Most controversies surrounding these identities stem from other peoples confusion. People don’t know whether to call them male or female, and usually can’t wrap their head around some changing their gender. You might recall the controversy surrounding the Miss Universe transgender contestant.


Those who are sexually attracted to people of all gender identities. Most self-identifying pansexuals call themselves gender-blind. Pansexuality differs from bisexuality in that bisexuals are only attracted to two genders, male and female. Pansexuals are attracted to people of all identities.

Being a less widely known sexual orientation, there are no known controversies surrounding the orientation.


Intersex individuals are those who do not physically and/or hormonally fit into one gender. Intersex people can be born with both male and female genital and/or reproductive organs.

Controversies in this area come from allowing the parents of the intersex child to chose what gender they want their child to be, then allowing sex-change-surgeries on the child, obviously without the child’s consent.


One who doesn’t feel sexually attracted to any gender identity. They do however, feel romantic attraction to a specific gender. Asexuals can be any of the orientations/identities listed above. Asexuals have no desire to have sex, but will do it for their partners pleasure, or to create a child. Asexuality differs from celibacy in that celibacy is a choice, asexuality is the lack for sexual attraction.

Controversies come from the legitimacy of the idea, and whether it should be considered a sexual orientation or identity. Opposers of asexuality as a real thing, claim that it is a stage of sexual confusion in a teenagers life. Others claim that asexuals just haven’t found the right person, haven’t experienced sex yet and don’t know what they’re missing, or that they just aren’t sure of their orientation.


This term applies to those who are still exploring their sexuality, or are unsure of the label they fit into. It can also be used by those who do not wish to fit into an orientation or identity.

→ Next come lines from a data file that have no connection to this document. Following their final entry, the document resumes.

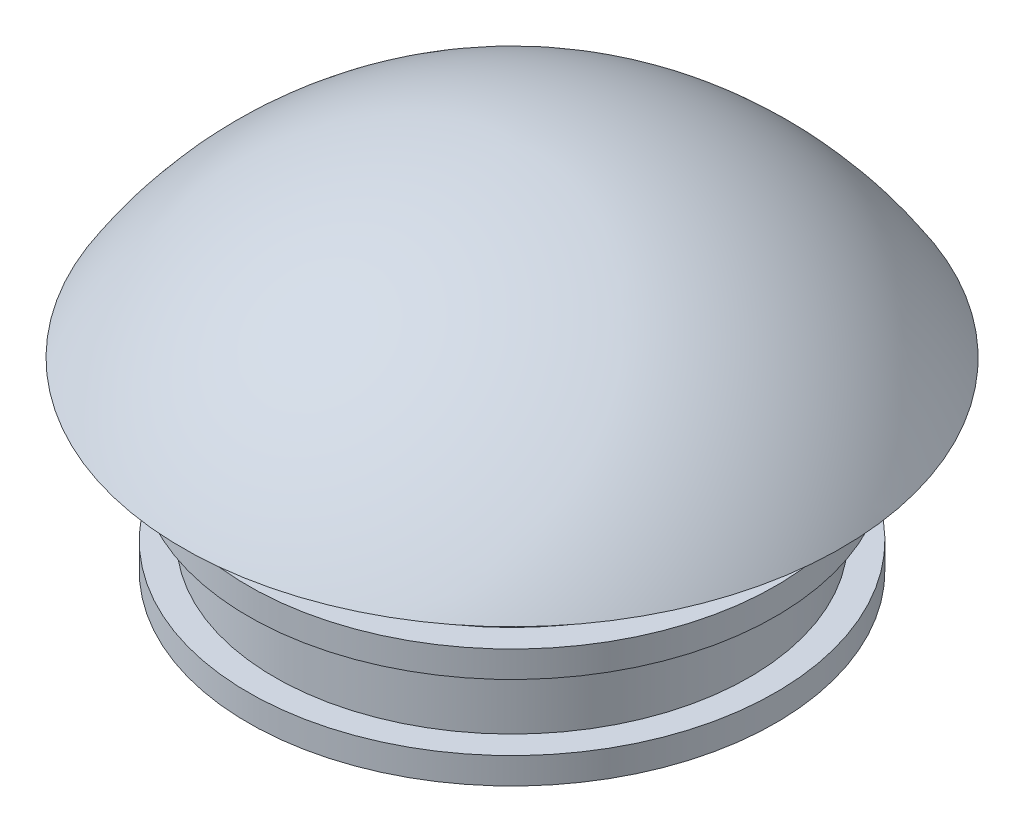
SolidWorks part; units mm, degrees
ref_plane "Спереди" through (0, 0, 0) normal (0, 0, 1) x (1, 0, 0)
ref_plane "Сверху" through (0, 0, 0) normal (0, 1, 0) x (1, 0, 0)
ref_plane "Справа" through (0, 0, 0) normal (1, 0, 0) x (0, 0, -1)
sketch "Эскиз1" plane through (0, 0, 0) normal (0, 0, 1) x (1, 0, 0)
  line L0 (-8, 4) -> (-8, -3)
  line L1 (-8, -3) -> (-10, -3)
  line L2 (-9, -2) -> (-9, 0.5)
  line L3 (-9, 4) -> (-12.5, 4)
  line L4 (-9, 1.5) -> (-10, 1.5)
  line L5 (-10, 1.5) -> (-10, 0.5)
  line L6 (-10, 0.5) -> (-9, 0.5)
  line L7 (-10, -3) -> (-10, -2)
  line L8 (-10, -2) -> (-9, -2)
  line L9 (-8, 4) -> (0, 4)
  line L10 (0, 4) -> (0, 11)
  line L11 (-9, 1.5) -> (-9, 4)
  arc A0 (-12.5, 4) -> (0, 11) centre (0.1893, -3.9988) cw
  dimension "D1" = 7
  dimension "D12" = 15
  dimension "D2" = 1
  dimension "D3" = 1
  dimension "D4" = 1
  dimension "D5" = 10
  dimension "D6" = 12.5
  dimension "D7" = 7
  dimension "D8" = 7
  dimension "D9" = 1
  dimension "D10" = 1
  dimension "D11" = 3.5
  dimension "D13" = 3
revolve "Повернуть1" add sketch "Эскиз1" angle 360 about L10
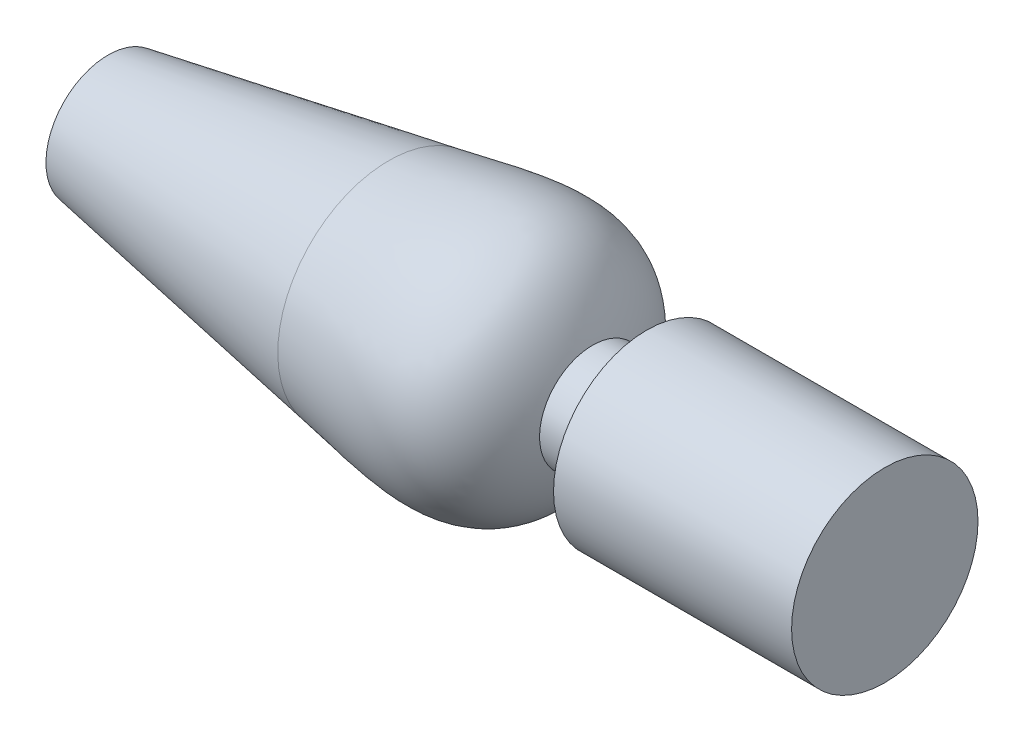
SolidWorks part; units mm, degrees
ref_plane "Front Plane" through (0, 0, 0) normal (0, 0, 1) x (1, 0, 0)
ref_plane "Top Plane" through (0, 0, 0) normal (0, 1, 0) x (1, 0, 0)
ref_plane "Right Plane" through (0, 0, 0) normal (1, 0, 0) x (0, 0, -1)
sketch "Sketch1" plane through (0, 0, 0) normal (0, 0, 1) x (1, 0, 0)
  line L0 (-6.25, 0) -> (6.25, 0) construction
  line L1 (6.25, 0) -> (6.25, 1.5)
  line L2 (6.25, 1.5) -> (2.4184, 1.5)
  line L3 (2.4184, 1.5) -> (2.4184, 0.8534)
  line L4 (2.4184, 0.8534) -> (1.5474, 0.8534)
  line L7 (-6.25, 1) -> (-6.25, 0)
  line L8 (-6.25, 0) -> (6.25, 0)
  line L9 (-1.7322, 1.7871) -> (-6.25, 1)
  spline S0 degree 3 poles (-1.7322, 1.7871) (-0.1449, 2.0637) (0.9657, 2.4392) (1.5474, 0.8534) knots 0 0 0 0 1 1 1 1
  point P0 (1.5474, 0.8534)
  point P4 (0, 0)
  point P7 (2.4184, 0.8534)
  point P10 (-6.25, 1)
  point P12 (2.4184, 1.5)
  dimension "D1" = 12.5
  dimension "D2" = 1.5
  dimension "D4" = 1
revolve "Revolve1" add sketch "Sketch1" angle 360 about L0
sketch "Sketch3" plane through (6.25, 0, 0) normal (1, 0, 0) x (0, 0, -1)
  point P0 (0, 0)
sketch3d "3DSketch1"
  line L0 (6.25, 0, 0) -> (13.7198, 0, 0) construction
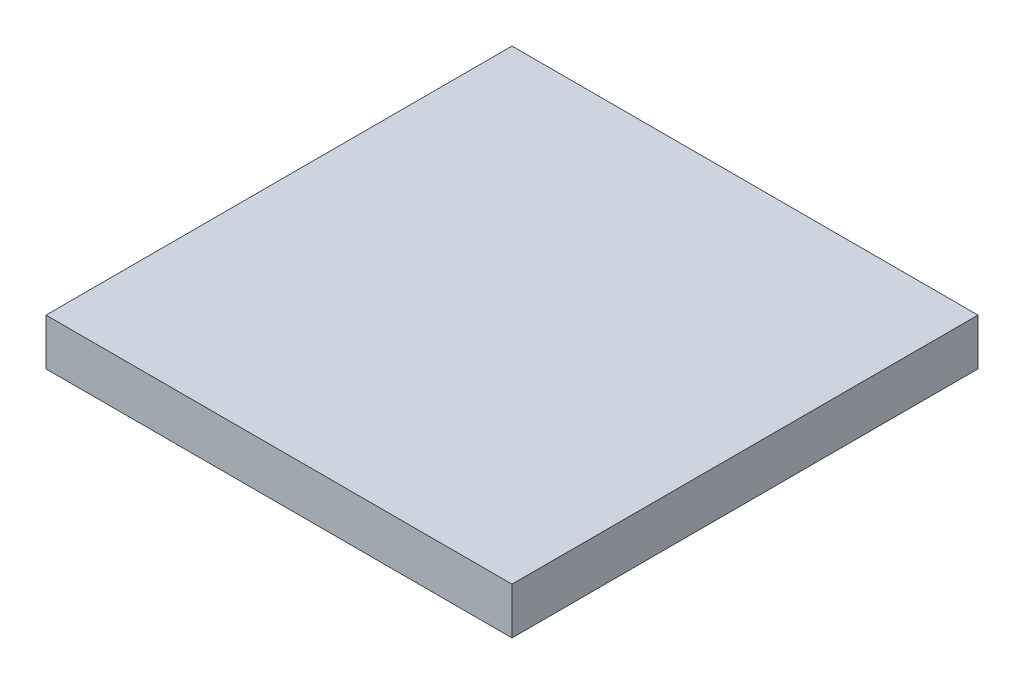
SolidWorks part; units mm, degrees
ref_plane "前视基准面" through (0, 0, 0) normal (0, 0, 1) x (1, 0, 0)
ref_plane "上视基准面" through (0, 0, 0) normal (0, 1, 0) x (1, 0, 0)
ref_plane "右视基准面" through (0, 0, 0) normal (1, 0, 0) x (0, 0, -1)
other "Configuration Table"
sketch "草图1" plane through (0, 0, 0) normal (0, 0, 1) x (1, 0, 0)
  line L0 (-5, 0) -> (5, 0)
extrude "Thin_0_0.001" add sketch "草图1" along normal blind 10 thin
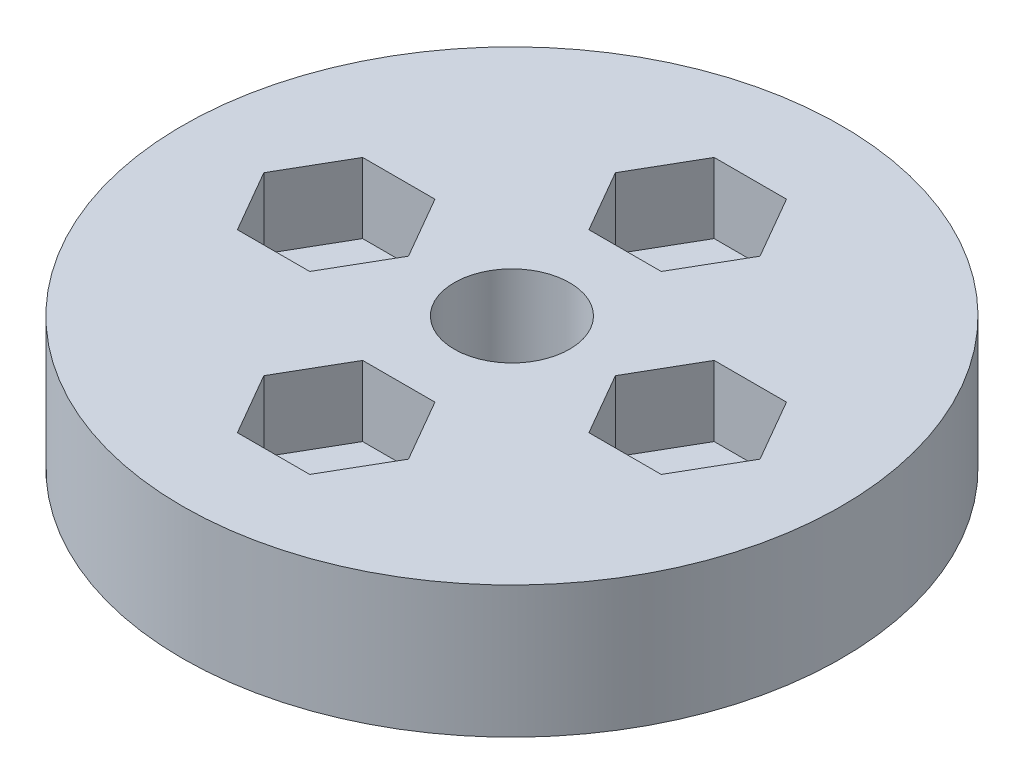
SolidWorks part; units mm, degrees
ref_plane "Front Plane" through (0, 0, 0) normal (0, 0, 1) x (1, 0, 0)
ref_plane "Top Plane" through (0, 0, 0) normal (0, 1, 0) x (1, 0, 0)
ref_plane "Right Plane" through (0, 0, 0) normal (1, 0, 0) x (0, 0, -1)
sketch "Sketch1" plane through (0, 0, 0) normal (0, 1, 0) x (1, 0, 0)
  circle A0 centre (0, 0) radius 8 construction
  circle A1 centre (0, 0) radius 15
  circle A2 centre (0, 8) radius 1.5
  circle A3 centre (8, 0) radius 1.5
  circle A4 centre (0, -8) radius 1.5
  circle A5 centre (-8, 0) radius 1.5
  circle A6 centre (0, 0) radius 2.625
  point P15 (0, 0)
  dimension "D1" = 16
  dimension "D2" = 3
  dimension "D4" = 30
  dimension "D5" = 5.25
  dimension "D3" = 4
extrude "Boss-Extrude1" add sketch "Sketch1" along normal blind 6
sketch "Sketch2" plane through (0, 6, 0) normal (0, 1, 0) x (1, 0, 0)
  line L1 (3.2909, 8) -> (1.6454, 10.85)
  line L2 (1.6454, 10.85) -> (-1.6454, 10.85)
  line L3 (-1.6454, 10.85) -> (-3.2909, 8)
  line L4 (-3.2909, 8) -> (-1.6454, 5.15)
  line L5 (-1.6454, 5.15) -> (1.6454, 5.15)
  line L6 (1.6454, 5.15) -> (3.2909, 8)
  line L7 (11.2909, 0) -> (9.6454, 2.85)
  line L8 (9.6454, 2.85) -> (6.3546, 2.85)
  line L9 (6.3546, 2.85) -> (4.7091, 0)
  line L10 (4.7091, 0) -> (6.3546, -2.85)
  line L11 (6.3546, -2.85) -> (9.6454, -2.85)
  line L12 (9.6454, -2.85) -> (11.2909, 0)
  line L13 (-4.7091, 0) -> (-6.3546, 2.85)
  line L14 (-6.3546, 2.85) -> (-9.6454, 2.85)
  line L15 (-9.6454, 2.85) -> (-11.2909, 0)
  line L16 (-11.2909, 0) -> (-9.6454, -2.85)
  line L17 (-9.6454, -2.85) -> (-6.3546, -2.85)
  line L18 (-6.3546, -2.85) -> (-4.7091, 0)
  line L19 (3.2909, -8) -> (1.6454, -5.15)
  line L20 (1.6454, -5.15) -> (-1.6454, -5.15)
  line L21 (-1.6454, -5.15) -> (-3.2909, -8)
  line L22 (-3.2909, -8) -> (-1.6454, -10.85)
  line L23 (-1.6454, -10.85) -> (1.6454, -10.85)
  line L24 (1.6454, -10.85) -> (3.2909, -8)
  circle A0 centre (0, 8) radius 2.85 construction
  circle A1 centre (8, 0) radius 2.85 construction
  circle A2 centre (-8, 0) radius 2.85 construction
  circle A3 centre (0, -8) radius 2.85 construction
  point P28 (0, -5.15)
  dimension "D1" = 5.7
  dimension "D2" = 5.7
  dimension "D3" = 5.7
  dimension "D4" = 5.7
extrude "Cut-Extrude1" cut sketch "Sketch2" against normal blind 3.2
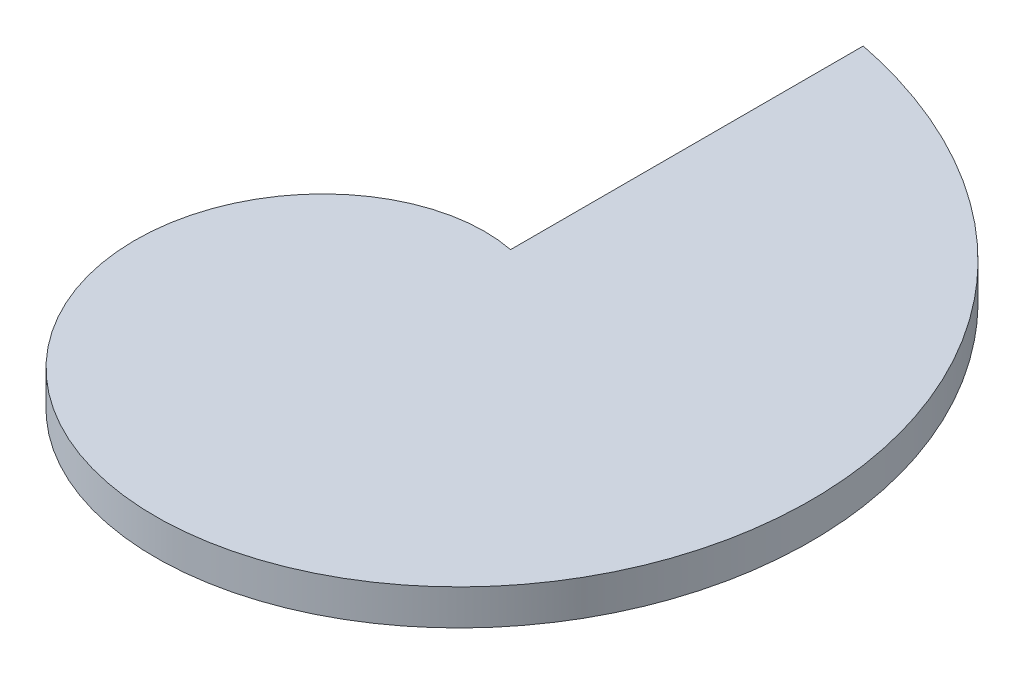
SolidWorks part; units mm, degrees
ref_plane "Front Plane" through (0, 0, 0) normal (0, 0, 1) x (1, 0, 0)
ref_plane "Top Plane" through (0, 0, 0) normal (0, 1, 0) x (1, 0, 0)
ref_plane "Right Plane" through (0, 0, 0) normal (1, 0, 0) x (0, 0, -1)
sketch "Sketch1" plane through (0, 0, 0) normal (0, 1, 0) x (1, 0, 0)
  line L0 (0, 0) -> (0, 41.5711) construction
  line L1 (-35, 45) -> (35, 45) construction
  line L2 (-35, 45) -> (-35, -45) construction
  line L3 (-35, -45) -> (35, -45) construction
  line L4 (35, 45) -> (35, -45) construction
  line L5 (-35, 45) -> (35, -45) construction
  line L6 (-35, -45) -> (35, 45) construction
  line L7 (0, 41.5711) -> (0, 11.8319)
  spline S0 degree 4 poles (8.7508, 0.6885) (8.7762, 0.9014) (8.8135, 1.3286) (8.8288, 1.9723) (8.7694, 2.8287) (8.6495, 3.5683) (8.5005, 4.1904) (8.347, 4.6979) (8.2078, 5.0954) (8.0518, 5.4865) (7.8793, 5.8708) (7.7145, 6.2001) (7.5755, 6.4552) (7.4719, 6.6353) (7.4043, 6.7488) (7.3476, 6.8417) (7.2734, 6.9602) (7.1827, 7.1013) (7.1161, 7.2011) (7.0198, 7.3406) (6.9374, 7.4567) (6.8725, 7.5461) (6.7924, 7.6537) (6.6637, 7.8216) (6.512, 8.0105) (6.3385, 8.2145) (6.1597, 8.4139) (6.0133, 8.5705) (5.8265, 8.7625) (5.5963, 8.9869) (5.3192, 9.2397) (4.9664, 9.5369) (4.5752, 9.8385) (4.0291, 10.2204) (3.3108, 10.6545) (2.4335, 11.0906) (1.3482, 11.5049) (0.1863, 11.8202) (-1.0434, 12.022) (-2.3293, 12.0966) (-3.6161, 12.0392) (-4.8904, 11.8529) (-6.1403, 11.5422) (-7.3542, 11.1125) (-8.5219, 10.5697) (-9.6341, 9.9209) (-10.9446, 8.9865) (-12.3747, 7.6836) (-13.8075, 5.9342) (-15.0855, 3.689) (-15.9814, 1.2667) (-16.4847, -1.2658) (-16.5955, -3.8448) (-16.3231, -6.4112) (-15.6844, -8.9112) (-14.457, -11.8932) (-12.3534, -15.1593) (-9.1183, -18.3582) (-3.9079, -21.4165) (3.2631, -23.1907) (10.6821, -22.4181) (17.4048, -19.376) (22.4222, -15.2947) (25.7571, -11.3408) (28.3277, -6.8552) (30.0819, -1.9935) (30.997, 3.0914) (31.0761, 8.2561) (30.4353, 12.7288) (29.4053, 16.4549) (28.244, 19.4555) (27.1411, 21.7811) (25.5554, 24.5805) (23.7085, 27.2192) (21.6238, 29.6739) (19.3263, 31.9257) (17.3708, 33.5987) (15.3081, 35.1376) (13.1487, 36.5375) (10.903, 37.7941) (8.5813, 38.9041) (6.4925, 39.7447) (4.6674, 40.3709) (3.2809, 40.7835) (2.3495, 41.0347) (1.6479, 41.2088) (1.1777, 41.319) (0.786, 41.4067) (0.4798, 41.4729) (0.0671, 41.5583) (-0.1665, 41.6045) (-0.5766, 41.6832) (-0.917, 41.7445) (-1.297, 41.8107) (-1.8497, 41.9009) (-2.5958, 42.011) (-3.4648, 42.1218) (-4.4628, 42.2257) (-5.4618, 42.3063) (-6.4631, 42.3639) (-7.465, 42.3985) (-8.4676, 42.4102) (-9.4702, 42.3991) (-10.4723, 42.3654) (-11.7236, 42.2949) (-13.2222, 42.1655) (-14.4663, 42.0114) (-15.4573, 41.8589) (-15.9516, 41.7754) knots 0 0 0 0 0 0.004678 0.009356 0.014035 0.018713 0.02101 0.023308 0.025605 0.027903 0.0302 0.032497 0.033646 0.034221 0.034795 0.035369 0.035944 0.037092 0.038262 0.038846 0.039431 0.040016 0.040601 0.04177 0.044109 0.045278 0.046448 0.047617 0.048787 0.051125 0.053464 0.055803 0.058853 0.061904 0.068004 0.074105 0.080205 0.087222 0.094238 0.101255 0.108272 0.115288 0.122305 0.129322 0.136338 0.143355 0.150372 0.164405 0.178438 0.192472 0.206505 0.220538 0.234572 0.248605 0.262638 0.276672 0.304739 0.332805 0.360872 0.407263 0.463396 0.491463 0.519529 0.547596 0.575663 0.603729 0.631796 0.659863 0.687929 0.701963 0.715996 0.730029 0.744063 0.772129 0.786163 0.800196 0.81423 0.828263 0.842296 0.85633 0.870363 0.884396 0.891413 0.89843 0.901938 0.905446 0.907201 0.908955 0.910709 0.912463 0.915199 0.916566 0.917934 0.92067 0.923405 0.928876 0.934347 0.939818 0.945289 0.95076 0.956232 0.961703 0.967174 0.972645 0.978116 0.989058 1 1 1 1 1 construction
  spline S1 degree 4 poles (0, 11.8319) (-0.1021, 11.8523) (-0.5203, 11.9309) (-1.2608, 12.0346) (-2.3293, 12.0966) (-3.6161, 12.0392) (-4.8904, 11.8529) (-6.1403, 11.5422) (-7.3542, 11.1125) (-8.5219, 10.5697) (-9.6341, 9.9209) (-10.9446, 8.9865) (-12.3747, 7.6836) (-13.8075, 5.9342) (-15.0855, 3.689) (-15.9814, 1.2667) (-16.4847, -1.2658) (-16.5955, -3.8448) (-16.3231, -6.4112) (-15.6844, -8.9112) (-14.457, -11.8932) (-12.3534, -15.1593) (-9.1183, -18.3582) (-3.9079, -21.4165) (3.2631, -23.1907) (10.6821, -22.4181) (17.4048, -19.376) (22.4222, -15.2947) (25.7571, -11.3408) (28.3277, -6.8552) (30.0819, -1.9935) (30.997, 3.0914) (31.0761, 8.2561) (30.4353, 12.7288) (29.4053, 16.4549) (28.244, 19.4555) (27.1411, 21.7811) (25.5554, 24.5805) (23.7085, 27.2192) (21.6238, 29.6739) (19.3263, 31.9257) (17.3708, 33.5987) (15.3081, 35.1376) (13.1487, 36.5375) (10.903, 37.7941) (8.5813, 38.9041) (6.4925, 39.7447) (4.6674, 40.3709) (3.2809, 40.7835) (2.3495, 41.0347) (1.6479, 41.2088) (1.1777, 41.319) (0.786, 41.4067) (0.48, 41.4729) (0.2086, 41.529) (0.0689, 41.5574) (0, 41.5711) knots 0.08495 0.08495 0.08495 0.08495 0.08495 0.087222 0.094238 0.101255 0.108272 0.115288 0.122305 0.129322 0.136338 0.143355 0.150372 0.164405 0.178438 0.192472 0.206505 0.220538 0.234572 0.248605 0.262638 0.276672 0.304739 0.332805 0.360872 0.407263 0.463396 0.491463 0.519529 0.547596 0.575663 0.603729 0.631796 0.659863 0.687929 0.701963 0.715996 0.730029 0.744063 0.772129 0.786163 0.800196 0.81423 0.828263 0.842296 0.85633 0.870363 0.884396 0.891413 0.89843 0.901938 0.905446 0.907201 0.908955 0.910709 0.91246 0.91246 0.91246 0.91246 0.91246
  point P1 (0, 0)
  point P9 (0, 0)
  dimension "D1" = 70
  dimension "D2" = 90
extrude "Boss-Extrude2" add sketch "Sketch1" along normal blind 3 contours S1 L7
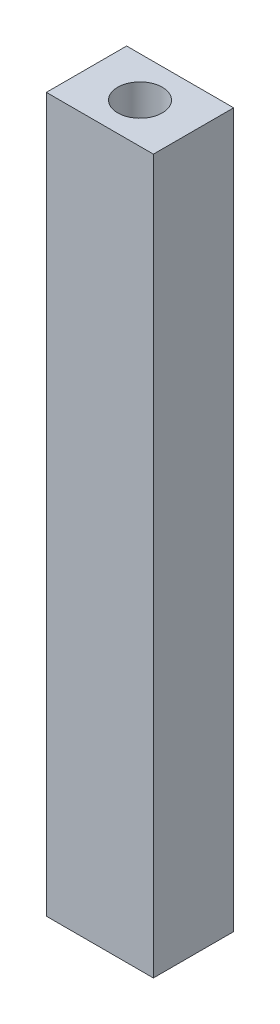
SolidWorks part; units mm, degrees
ref_plane "前视基准面" through (0, 0, 0) normal (0, 0, 1) x (1, 0, 0)
ref_plane "上视基准面" through (0, 0, 0) normal (0, 1, 0) x (1, 0, 0)
ref_plane "右视基准面" through (0, 0, 0) normal (1, 0, 0) x (0, 0, -1)
other "Configuration Table"
sketch "草图2" plane through (0, 0, 0) normal (0, 1, 0) x (1, 0, 0)
  line L1 (-6, -4.5) -> (6, -4.5)
  line L2 (-6, -4.5) -> (-6, 4.5)
  line L3 (-6, 4.5) -> (6, 4.5)
  line L4 (6, -4.5) -> (6, 4.5)
  line L5 (-6, -4.5) -> (6, 4.5) construction
  line L6 (-6, 4.5) -> (6, -4.5) construction
  point P0 (0, 0)
  dimension "D1" = 12
  dimension "D2" = 9
extrude "凸台-拉伸1" add sketch "草图2" along normal blind 80
sketch "草图3" plane through (0, 0, 0) normal (0, -1, 0) x (1, 0, 0)
  circle A0 centre (0, 0) radius 3
  dimension "D1" = 6
extrude "切除-拉伸1" cut sketch "草图3" against normal blind 15
sketch "草图4" plane through (0, 80, 0) normal (0, 1, 0) x (1, 0, 0)
  circle A0 centre (0, 0) radius 2.5
  dimension "D1" = 5
extrude "切除-拉伸2" cut sketch "草图4" against normal blind 15

There is no know controversy over the topic because it is not an actual orientation, but an identity people take on while searching for what to identify as.



There are a lot of orientation/identities. You may not have known all of the ones listed above. Or maybe you did. The funny thing is: that’s not even all of them. What I don’t get is why anyone questions the legitimacy of any of them. Why would people identify as something that will only bring them discrimination? Even if you want to call it “just a phase” it’s still what that person identifies as. That’s something you need to respect. Just because you don’t understand it, or you don’t know what it is, doesn’t mean it isn’t real. If someone told you that they follow the Baha’i faith, would you instantly disregard it as a made up religion? If you did, you’re wrong. It’s a real religion, small, but real. Just like there is no “one, true religion” there is no one, true orientation.

Whatever your sexual orientation/identity you are, that’s okay. There’s nothing wrong with it. I don’t need to know what you identify as to tell you that its okay because every orientation is okay. Every orientation is beautiful. Every orientation is normal. You are beautiful and you are normal.